• _ABOUT THIS EXERCISE_
In the listing below, find the line containing "#7=PRODUCT_DEFINITION_CONTEXT('part definition',#1,'design');" and the line containing "#21=DIRECTION('',(-0.00276370315342113,-0.999996180965147,0.));". Repeat exactly those two lines and every line between them.

• _DATA_
==============================

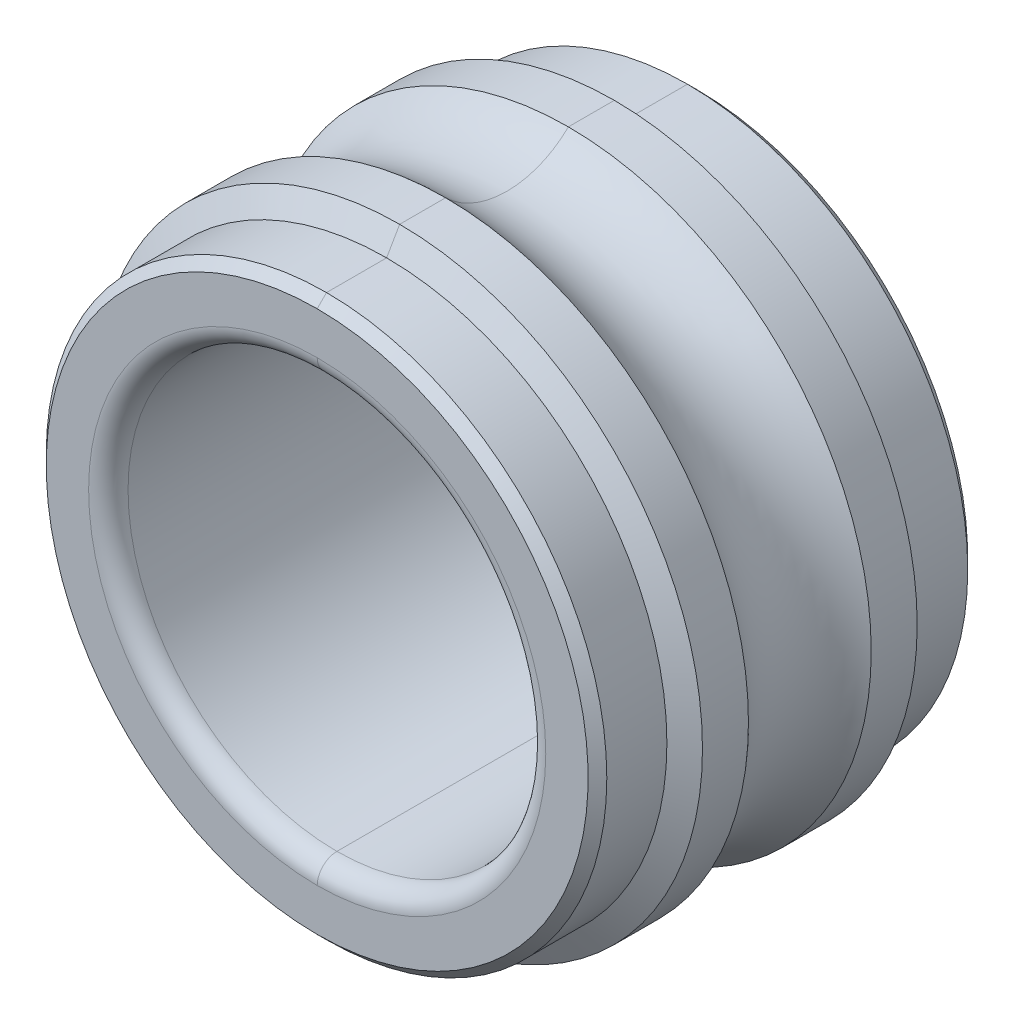
ISO-10303-21;
HEADER;
FILE_DESCRIPTION(('STEP AP214'),'2;1');
FILE_NAME('part.step','',(''),(''),'','','');
FILE_SCHEMA(('AUTOMOTIVE_DESIGN { 1 0 10303 214 1 1 1 1 }'));
ENDSEC;
DATA;
#1=APPLICATION_CONTEXT('core data for automotive mechanical design processes');
#2=APPLICATION_PROTOCOL_DEFINITION('international standard','automotive_design',2000,#1);
#3=PRODUCT_CONTEXT('',#1,'mechanical');
#4=PRODUCT('Part','Part','',(#3));
#5=PRODUCT_RELATED_PRODUCT_CATEGORY('part','',(#4));
#6=PRODUCT_DEFINITION_FORMATION('','',#4);
#7=PRODUCT_DEFINITION_CONTEXT('part definition',#1,'design');
#8=PRODUCT_DEFINITION('design','',#6,#7);
#9=PRODUCT_DEFINITION_SHAPE('','',#8);
#10=(LENGTH_UNIT() NAMED_UNIT(*) SI_UNIT(.MILLI.,.METRE.));
#11=(NAMED_UNIT(*) PLANE_ANGLE_UNIT() SI_UNIT($,.RADIAN.));
#12=(NAMED_UNIT(*) SI_UNIT($,.STERADIAN.) SOLID_ANGLE_UNIT());
#13=UNCERTAINTY_MEASURE_WITH_UNIT(LENGTH_MEASURE(1.E-05),#10,'distance_accuracy_value','');
#14=(GEOMETRIC_REPRESENTATION_CONTEXT(3) GLOBAL_UNCERTAINTY_ASSIGNED_CONTEXT((#13)) GLOBAL_UNIT_ASSIGNED_CONTEXT((#10,
#11,#12)) REPRESENTATION_CONTEXT('',''));
#15=CARTESIAN_POINT('',(0.,0.,0.));
#16=DIRECTION('',(0.,0.,1.));
#17=DIRECTION('',(1.,0.,0.));
#18=AXIS2_PLACEMENT_3D('',#15,#16,#17);
#19=CARTESIAN_POINT('',(0.,0.,2.58572));
#20=DIRECTION('',(0.,0.,-1.));
#21=DIRECTION('',(-0.00276370315342113,-0.999996180965147,0.));
#22=AXIS2_PLACEMENT_3D('',#19,#20,#21);
#23=TOROIDAL_SURFACE('',#22,3.47472,0.29972);
#24=CARTESIAN_POINT('',(0.,-3.47472,2.58572));
#25=DIRECTION('',(-1.,0.,0.));
#26=DIRECTION('',(0.,0.,1.));
#27=AXIS2_PLACEMENT_3D('',#24,#25,#26);
#28=CIRCLE('',#27,0.29972);
#29=CARTESIAN_POINT('',(0.,-3.47472,2.88544));
#30=VERTEX_POINT('',#29);
#31=CARTESIAN_POINT('',(0.,-3.175,2.58572));
#32=VERTEX_POINT('',#31);
#33=EDGE_CURVE('E20',#30,#32,#28,.T.);
#34=ORIENTED_EDGE('',*,*,#33,.F.);
#35=CARTESIAN_POINT('',(0.,0.,2.88544));
#36=DIRECTION('',(0.,0.,1.));
#37=DIRECTION('',(0.,-1.,0.));
#38=AXIS2_PLACEMENT_3D('',#35,#36,#37);
#39=CIRCLE('',#38,3.47472);
#40=CARTESIAN_POINT('',(0.00960309462125996,3.47470672992322,2.88544));
#41=VERTEX_POINT('',#40);
#42=EDGE_CURVE('E167',#30,#41,#39,.T.);
#43=ORIENTED_EDGE('',*,*,#42,.T.);
#44=CARTESIAN_POINT('',(0.,0.,2.88544));
#45=DIRECTION('',(0.,0.,-1.));
#46=DIRECTION('',(0.,1.,0.));
#47=AXIS2_PLACEMENT_3D('',#44,#45,#46);
#48=CIRCLE('',#47,3.47472);
#49=CARTESIAN_POINT('',(0.,3.47472,2.88544));
#50=VERTEX_POINT('',#49);
#51=EDGE_CURVE('E160',#50,#41,#48,.T.);
#52=ORIENTED_EDGE('',*,*,#51,.F.);
#53=CARTESIAN_POINT('',(0.,3.47472,2.58572));
#54=DIRECTION('',(1.,0.,0.));
#55=DIRECTION('',(0.,0.,1.));
#56=AXIS2_PLACEMENT_3D('',#53,#54,#55);
#57=CIRCLE('',#56,0.29972);
#58=CARTESIAN_POINT('',(0.,3.175,2.58572));
#59=VERTEX_POINT('',#58);
#60=EDGE_CURVE('E11',#50,#59,#57,.T.);
#61=ORIENTED_EDGE('',*,*,#60,.T.);
#62=CARTESIAN_POINT('',(0.,0.,2.58572));
#63=DIRECTION('',(0.,0.,1.));
#64=DIRECTION('',(0.00276370315342088,0.999996180965147,0.));
#65=AXIS2_PLACEMENT_3D('',#62,#63,#64);
#66=CIRCLE('',#65,3.175);
#67=CARTESIAN_POINT('',(0.0087747575121115,3.17498787456434,2.58572));
#68=VERTEX_POINT('',#67);
#69=EDGE_CURVE('E39',#68,#59,#66,.T.);
#70=ORIENTED_EDGE('',*,*,#69,.F.);
#71=CARTESIAN_POINT('',(0.,0.,2.58572));
#72=DIRECTION('',(0.,0.,1.));
#73=DIRECTION('',(0.,-1.,0.));
#74=AXIS2_PLACEMENT_3D('',#71,#72,#73);
#75=CIRCLE('',#74,3.175);
#76=EDGE_CURVE('E290',#32,#68,#75,.T.);
#77=ORIENTED_EDGE('',*,*,#76,.F.);
#78=EDGE_LOOP('',(#34,#43,#52,#61,#70,#77));
#79=FACE_BOUND('',#78,.T.);
#80=ADVANCED_FACE('F17',(#79),#23,.T.);
#81=CARTESIAN_POINT('',(0.,0.,2.58572));
#82=DIRECTION('',(0.,0.,-1.));
#83=DIRECTION('',(0.00276370315342113,0.999996180965147,0.));
#84=AXIS2_PLACEMENT_3D('',#81,#82,#83);
#85=TOROIDAL_SURFACE('',#84,3.47472,0.29972);
#86=ORIENTED_EDGE('',*,*,#60,.F.);
#87=CARTESIAN_POINT('',(0.,0.,2.88544));
#88=DIRECTION('',(0.,0.,1.));
#89=DIRECTION('',(0.,1.,0.));
#90=AXIS2_PLACEMENT_3D('',#87,#88,#89);
#91=CIRCLE('',#90,3.47472);
#92=CARTESIAN_POINT('',(-0.00960309462125996,-3.47470672992322,2.88544));
#93=VERTEX_POINT('',#92);
#94=EDGE_CURVE('E154',#50,#93,#91,.T.);
#95=ORIENTED_EDGE('',*,*,#94,.T.);
#96=CARTESIAN_POINT('',(0.,0.,2.88544));
#97=DIRECTION('',(0.,0.,-1.));
#98=DIRECTION('',(0.,-1.,0.));
#99=AXIS2_PLACEMENT_3D('',#96,#97,#98);
#100=CIRCLE('',#99,3.47472);
#101=EDGE_CURVE('E166',#30,#93,#100,.T.);
#102=ORIENTED_EDGE('',*,*,#101,.F.);
#103=ORIENTED_EDGE('',*,*,#33,.T.);
#104=CARTESIAN_POINT('',(0.,0.,2.58572));
#105=DIRECTION('',(0.,0.,1.));
#106=DIRECTION('',(-0.00276370315342112,-0.999996180965147,0.));
#107=AXIS2_PLACEMENT_3D('',#104,#105,#106);
#108=CIRCLE('',#107,3.175);
#109=CARTESIAN_POINT('',(-0.00877475751211189,-3.17498787456434,2.58572));
#110=VERTEX_POINT('',#109);
#111=EDGE_CURVE('E32',#110,#32,#108,.T.);
#112=ORIENTED_EDGE('',*,*,#111,.F.);
#113=CARTESIAN_POINT('',(0.,0.,2.58572));
#114=DIRECTION('',(0.,0.,1.));
#115=DIRECTION('',(0.,1.,0.));
#116=AXIS2_PLACEMENT_3D('',#113,#114,#115);
#117=CIRCLE('',#116,3.175);
#118=EDGE_CURVE('E291',#59,#110,#117,.T.);
#119=ORIENTED_EDGE('',*,*,#118,.F.);
#120=EDGE_LOOP('',(#86,#95,#102,#103,#112,#119));
#121=FACE_BOUND('',#120,.T.);
#122=ADVANCED_FACE('F302',(#121),#85,.T.);
#123=CARTESIAN_POINT('',(0.,0.,3.173984));
#124=DIRECTION('',(0.,0.,-1.));
#125=DIRECTION('',(0.,-1.,0.));
#126=AXIS2_PLACEMENT_3D('',#123,#124,#125);
#127=CYLINDRICAL_SURFACE('',#126,3.175);
#128=DIRECTION('',(0.,0.,1.));
#129=VECTOR('',#128,1.);
#130=CARTESIAN_POINT('',(0.,3.175,-2.58572));
#131=LINE('',#130,#129);
#132=CARTESIAN_POINT('',(0.,3.175,-2.58572));
#133=VERTEX_POINT('',#132);
#134=EDGE_CURVE('E282',#133,#59,#131,.T.);
#135=ORIENTED_EDGE('',*,*,#134,.T.);
#136=ORIENTED_EDGE('',*,*,#118,.T.);
#137=ORIENTED_EDGE('',*,*,#111,.T.);
#138=DIRECTION('',(0.,0.,1.));
#139=VECTOR('',#138,1.);
#140=CARTESIAN_POINT('',(0.,-3.175,-2.58572));
#141=LINE('',#140,#139);
#142=CARTESIAN_POINT('',(0.,-3.175,-2.58572));
#143=VERTEX_POINT('',#142);
#144=EDGE_CURVE('E287',#143,#32,#141,.T.);
#145=ORIENTED_EDGE('',*,*,#144,.F.);
#146=CARTESIAN_POINT('',(0.,0.,-2.58572));
#147=DIRECTION('',(0.,0.,-1.));
#148=DIRECTION('',(0.,-1.,0.));
#149=AXIS2_PLACEMENT_3D('',#146,#147,#148);
#150=CIRCLE('',#149,3.175);
#151=CARTESIAN_POINT('',(-0.0129637748972834,-3.17497353383306,-2.58572));
#152=VERTEX_POINT('',#151);
#153=EDGE_CURVE('E271',#143,#152,#150,.T.);
#154=ORIENTED_EDGE('',*,*,#153,.T.);
#155=CARTESIAN_POINT('',(0.,0.,-2.58572));
#156=DIRECTION('',(0.,0.,-1.));
#157=DIRECTION('',(-0.00408307870780573,-0.99999166419939,0.));
#158=AXIS2_PLACEMENT_3D('',#155,#156,#157);
#159=CIRCLE('',#158,3.175);
#160=EDGE_CURVE('E273',#152,#133,#159,.T.);
#161=ORIENTED_EDGE('',*,*,#160,.T.);
#162=EDGE_LOOP('',(#135,#136,#137,#145,#154,#161));
#163=FACE_BOUND('',#162,.T.);
#164=ADVANCED_FACE('F306',(#163),#127,.F.);
#165=CARTESIAN_POINT('',(0.,0.,3.173984));
#166=DIRECTION('',(0.,0.,-1.));
#167=DIRECTION('',(0.,-1.,0.));
#168=AXIS2_PLACEMENT_3D('',#165,#166,#167);
#169=CYLINDRICAL_SURFACE('',#168,3.175);
#170=ORIENTED_EDGE('',*,*,#144,.T.);
#171=ORIENTED_EDGE('',*,*,#76,.T.);
#172=ORIENTED_EDGE('',*,*,#69,.T.);
#173=ORIENTED_EDGE('',*,*,#134,.F.);
#174=CARTESIAN_POINT('',(0.,0.,-2.58572));
#175=DIRECTION('',(0.,0.,-1.));
#176=DIRECTION('',(0.,1.,0.));
#177=AXIS2_PLACEMENT_3D('',#174,#175,#176);
#178=CIRCLE('',#177,3.175);
#179=CARTESIAN_POINT('',(0.0129637748972831,3.17497353383306,-2.58572));
#180=VERTEX_POINT('',#179);
#181=EDGE_CURVE('E277',#133,#180,#178,.T.);
#182=ORIENTED_EDGE('',*,*,#181,.T.);
#183=CARTESIAN_POINT('',(0.,0.,-2.58572));
#184=DIRECTION('',(0.,0.,-1.));
#185=DIRECTION('',(0.00408307870780555,0.99999166419939,0.));
#186=AXIS2_PLACEMENT_3D('',#183,#184,#185);
#187=CIRCLE('',#186,3.175);
#188=EDGE_CURVE('E279',#180,#143,#187,.T.);
#189=ORIENTED_EDGE('',*,*,#188,.T.);
#190=EDGE_LOOP('',(#170,#171,#172,#173,#182,#189));
#191=FACE_BOUND('',#190,.T.);
#192=ADVANCED_FACE('F310',(#191),#169,.F.);
#193=CARTESIAN_POINT('',(0.,0.,-2.58572));
#194=DIRECTION('',(0.,0.,-1.));
#195=DIRECTION('',(-0.00408307870780596,-0.99999166419939,0.));
#196=AXIS2_PLACEMENT_3D('',#193,#194,#195);
#197=TOROIDAL_SURFACE('',#196,3.47472,0.29972);
#198=CARTESIAN_POINT('',(0.,-3.47472,-2.58572));
#199=DIRECTION('',(-1.,0.,0.));
#200=DIRECTION('',(0.,1.,0.));
#201=AXIS2_PLACEMENT_3D('',#198,#199,#200);
#202=CIRCLE('',#201,0.29972);
#203=CARTESIAN_POINT('',(0.,-3.47472,-2.88544));
#204=VERTEX_POINT('',#203);
#205=EDGE_CURVE('E266',#143,#204,#202,.T.);
#206=ORIENTED_EDGE('',*,*,#205,.F.);
#207=ORIENTED_EDGE('',*,*,#188,.F.);
#208=ORIENTED_EDGE('',*,*,#181,.F.);
#209=CARTESIAN_POINT('',(0.,3.47472,-2.58572));
#210=DIRECTION('',(1.,0.,0.));
#211=DIRECTION('',(0.,-1.,0.));
#212=AXIS2_PLACEMENT_3D('',#209,#210,#211);
#213=CIRCLE('',#212,0.29972);
#214=CARTESIAN_POINT('',(0.,3.47472,-2.88544));
#215=VERTEX_POINT('',#214);
#216=EDGE_CURVE('E275',#133,#215,#213,.T.);
#217=ORIENTED_EDGE('',*,*,#216,.T.);
#218=CARTESIAN_POINT('',(0.,0.,-2.88544));
#219=DIRECTION('',(0.,0.,-1.));
#220=DIRECTION('',(0.,1.,0.));
#221=AXIS2_PLACEMENT_3D('',#218,#219,#220);
#222=CIRCLE('',#221,3.47472);
#223=EDGE_CURVE('E264',#215,#204,#222,.T.);
#224=ORIENTED_EDGE('',*,*,#223,.T.);
#225=EDGE_LOOP('',(#206,#207,#208,#217,#224));
#226=FACE_BOUND('',#225,.T.);
#227=ADVANCED_FACE('F315',(#226),#197,.T.);
#228=CARTESIAN_POINT('',(0.,0.,-2.58572));
#229=DIRECTION('',(0.,0.,-1.));
#230=DIRECTION('',(0.00408307870780596,0.99999166419939,0.));
#231=AXIS2_PLACEMENT_3D('',#228,#229,#230);
#232=TOROIDAL_SURFACE('',#231,3.47472,0.29972);
#233=ORIENTED_EDGE('',*,*,#216,.F.);
#234=ORIENTED_EDGE('',*,*,#160,.F.);
#235=ORIENTED_EDGE('',*,*,#153,.F.);
#236=ORIENTED_EDGE('',*,*,#205,.T.);
#237=CARTESIAN_POINT('',(0.,0.,-2.88544));
#238=DIRECTION('',(0.,0.,-1.));
#239=DIRECTION('',(0.,-1.,0.));
#240=AXIS2_PLACEMENT_3D('',#237,#238,#239);
#241=CIRCLE('',#240,3.47472);
#242=EDGE_CURVE('E261',#204,#215,#241,.T.);
#243=ORIENTED_EDGE('',*,*,#242,.T.);
#244=EDGE_LOOP('',(#233,#234,#235,#236,#243));
#245=FACE_BOUND('',#244,.T.);
#246=ADVANCED_FACE('F320',(#245),#232,.T.);
#247=CARTESIAN_POINT('',(0.,0.,-2.8975254706707));
#248=DIRECTION('',(0.,0.,1.));
#249=DIRECTION('',(0.,1.,0.));
#250=AXIS2_PLACEMENT_3D('',#247,#248,#249);
#251=CONICAL_SURFACE('',#250,4.10673619599766,0.785398163397448);
#252=DIRECTION('',(0.,-0.707106781186547,0.707106781186547));
#253=VECTOR('',#252,1.);
#254=CARTESIAN_POINT('',(0.,-4.11882166666709,-2.88544000000127));
#255=LINE('',#254,#253);
#256=CARTESIAN_POINT('',(0.,-4.11882166666667,-2.88544000000085));
#257=VERTEX_POINT('',#256);
#258=CARTESIAN_POINT('',(0.,-4.26085000000063,-2.74341166666646));
#259=VERTEX_POINT('',#258);
#260=EDGE_CURVE('E250',#257,#259,#255,.T.);
#261=ORIENTED_EDGE('',*,*,#260,.T.);
#262=CARTESIAN_POINT('',(0.,0.,-2.7434116666671));
#263=DIRECTION('',(0.,0.,1.));
#264=DIRECTION('',(0.,1.,0.));
#265=AXIS2_PLACEMENT_3D('',#262,#263,#264);
#266=CIRCLE('',#265,4.26085000000126);
#267=CARTESIAN_POINT('',(0.,4.26085000000063,-2.74341166666646));
#268=VERTEX_POINT('',#267);
#269=EDGE_CURVE('E249',#268,#259,#266,.T.);
#270=ORIENTED_EDGE('',*,*,#269,.F.);
#271=DIRECTION('',(0.,0.707106781186547,0.707106781186547));
#272=VECTOR('',#271,1.);
#273=CARTESIAN_POINT('',(0.,4.11882166666709,-2.88544000000127));
#274=LINE('',#273,#272);
#275=CARTESIAN_POINT('',(0.,4.11882166666667,-2.88544000000085));
#276=VERTEX_POINT('',#275);
#277=EDGE_CURVE('E252',#276,#268,#274,.T.);
#278=ORIENTED_EDGE('',*,*,#277,.F.);
#279=CARTESIAN_POINT('',(0.,0.,-2.88544000000127));
#280=DIRECTION('',(0.,0.,1.));
#281=DIRECTION('',(0.,1.,0.));
#282=AXIS2_PLACEMENT_3D('',#279,#280,#281);
#283=CIRCLE('',#282,4.11882166666709);
#284=EDGE_CURVE('E259',#276,#257,#283,.T.);
#285=ORIENTED_EDGE('',*,*,#284,.T.);
#286=EDGE_LOOP('',(#261,#270,#278,#285));
#287=FACE_BOUND('',#286,.T.);
#288=ADVANCED_FACE('F326',(#287),#251,.T.);
#289=CARTESIAN_POINT('',(0.,0.,-2.88544));
#290=DIRECTION('',(0.,0.,-1.));
#291=DIRECTION('',(0.,-1.,0.));
#292=AXIS2_PLACEMENT_3D('',#289,#290,#291);
#293=PLANE('',#292);
#294=ORIENTED_EDGE('',*,*,#223,.F.);
#295=ORIENTED_EDGE('',*,*,#242,.F.);
#296=EDGE_LOOP('',(#294,#295));
#297=FACE_BOUND('',#296,.T.);
#298=ORIENTED_EDGE('',*,*,#284,.F.);
#299=CARTESIAN_POINT('',(0.,0.,-2.88544000000127));
#300=DIRECTION('',(0.,0.,1.));
#301=DIRECTION('',(0.,-1.,0.));
#302=AXIS2_PLACEMENT_3D('',#299,#300,#301);
#303=CIRCLE('',#302,4.11882166666709);
#304=EDGE_CURVE('E253',#257,#276,#303,.T.);
#305=ORIENTED_EDGE('',*,*,#304,.F.);
#306=EDGE_LOOP('',(#298,#305));
#307=FACE_BOUND('',#306,.T.);
#308=ADVANCED_FACE('F322',(#297,#307),#293,.T.);
#309=CARTESIAN_POINT('',(0.,0.,-2.8975254706707));
#310=DIRECTION('',(0.,0.,1.));
#311=DIRECTION('',(0.,1.,0.));
#312=AXIS2_PLACEMENT_3D('',#309,#310,#311);
#313=CONICAL_SURFACE('',#312,4.10673619599766,0.785398163397448);
#314=ORIENTED_EDGE('',*,*,#277,.T.);
#315=CARTESIAN_POINT('',(0.,0.,-2.7434116666671));
#316=DIRECTION('',(0.,0.,1.));
#317=DIRECTION('',(0.,-1.,0.));
#318=AXIS2_PLACEMENT_3D('',#315,#316,#317);
#319=CIRCLE('',#318,4.26085000000126);
#320=EDGE_CURVE('E254',#259,#268,#319,.T.);
#321=ORIENTED_EDGE('',*,*,#320,.F.);
#322=ORIENTED_EDGE('',*,*,#260,.F.);
#323=ORIENTED_EDGE('',*,*,#304,.T.);
#324=EDGE_LOOP('',(#314,#321,#322,#323));
#325=FACE_BOUND('',#324,.T.);
#326=ADVANCED_FACE('F325',(#325),#313,.T.);
#327=CARTESIAN_POINT('',(0.,0.,3.173984));
#328=DIRECTION('',(0.,0.,-1.));
#329=DIRECTION('',(0.,-1.,0.));
#330=AXIS2_PLACEMENT_3D('',#327,#328,#329);
#331=CYLINDRICAL_SURFACE('',#330,4.26085);
#332=CARTESIAN_POINT('',(0.,0.,-1.82992340730512));
#333=DIRECTION('',(0.,0.,-1.));
#334=DIRECTION('',(0.,1.,0.));
#335=AXIS2_PLACEMENT_3D('',#332,#333,#334);
#336=CIRCLE('',#335,4.26085);
#337=CARTESIAN_POINT('',(0.,4.26085,-1.82992340730512));
#338=VERTEX_POINT('',#337);
#339=CARTESIAN_POINT('',(0.,-4.26085,-1.82992340730512));
#340=VERTEX_POINT('',#339);
#341=EDGE_CURVE('E233',#338,#340,#336,.T.);
#342=ORIENTED_EDGE('',*,*,#341,.T.);
#343=DIRECTION('',(0.,0.,1.));
#344=VECTOR('',#343,1.);
#345=CARTESIAN_POINT('',(0.,-4.26085,-2.74341166666582));
#346=LINE('',#345,#344);
#347=EDGE_CURVE('E246',#259,#340,#346,.T.);
#348=ORIENTED_EDGE('',*,*,#347,.F.);
#349=ORIENTED_EDGE('',*,*,#320,.T.);
#350=DIRECTION('',(0.,0.,1.));
#351=VECTOR('',#350,1.);
#352=CARTESIAN_POINT('',(0.,4.26085,-2.74341166666582));
#353=LINE('',#352,#351);
#354=EDGE_CURVE('E242',#268,#338,#353,.T.);
#355=ORIENTED_EDGE('',*,*,#354,.T.);
#356=EDGE_LOOP('',(#342,#348,#349,#355));
#357=FACE_BOUND('',#356,.T.);
#358=ADVANCED_FACE('F341',(#357),#331,.T.);
#359=CARTESIAN_POINT('',(0.,0.,3.173984));
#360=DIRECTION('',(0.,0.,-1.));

==============================

• _ANSWER TO THE PROBLEM_
#7=PRODUCT_DEFINITION_CONTEXT('part definition',#1,'design');
#8=PRODUCT_DEFINITION('design','',#6,#7);
#9=PRODUCT_DEFINITION_SHAPE('','',#8);
#10=(LENGTH_UNIT() NAMED_UNIT(*) SI_UNIT(.MILLI.,.METRE.));
#11=(NAMED_UNIT(*) PLANE_ANGLE_UNIT() SI_UNIT($,.RADIAN.));
#12=(NAMED_UNIT(*) SI_UNIT($,.STERADIAN.) SOLID_ANGLE_UNIT());
#13=UNCERTAINTY_MEASURE_WITH_UNIT(LENGTH_MEASURE(1.E-05),#10,'distance_accuracy_value','');
#14=(GEOMETRIC_REPRESENTATION_CONTEXT(3) GLOBAL_UNCERTAINTY_ASSIGNED_CONTEXT((#13)) GLOBAL_UNIT_ASSIGNED_CONTEXT((#10,
#11,#12)) REPRESENTATION_CONTEXT('',''));
#15=CARTESIAN_POINT('',(0.,0.,0.));
#16=DIRECTION('',(0.,0.,1.));
#17=DIRECTION('',(1.,0.,0.));
#18=AXIS2_PLACEMENT_3D('',#15,#16,#17);
#19=CARTESIAN_POINT('',(0.,0.,2.58572));
#20=DIRECTION('',(0.,0.,-1.));
#21=DIRECTION('',(-0.00276370315342113,-0.999996180965147,0.));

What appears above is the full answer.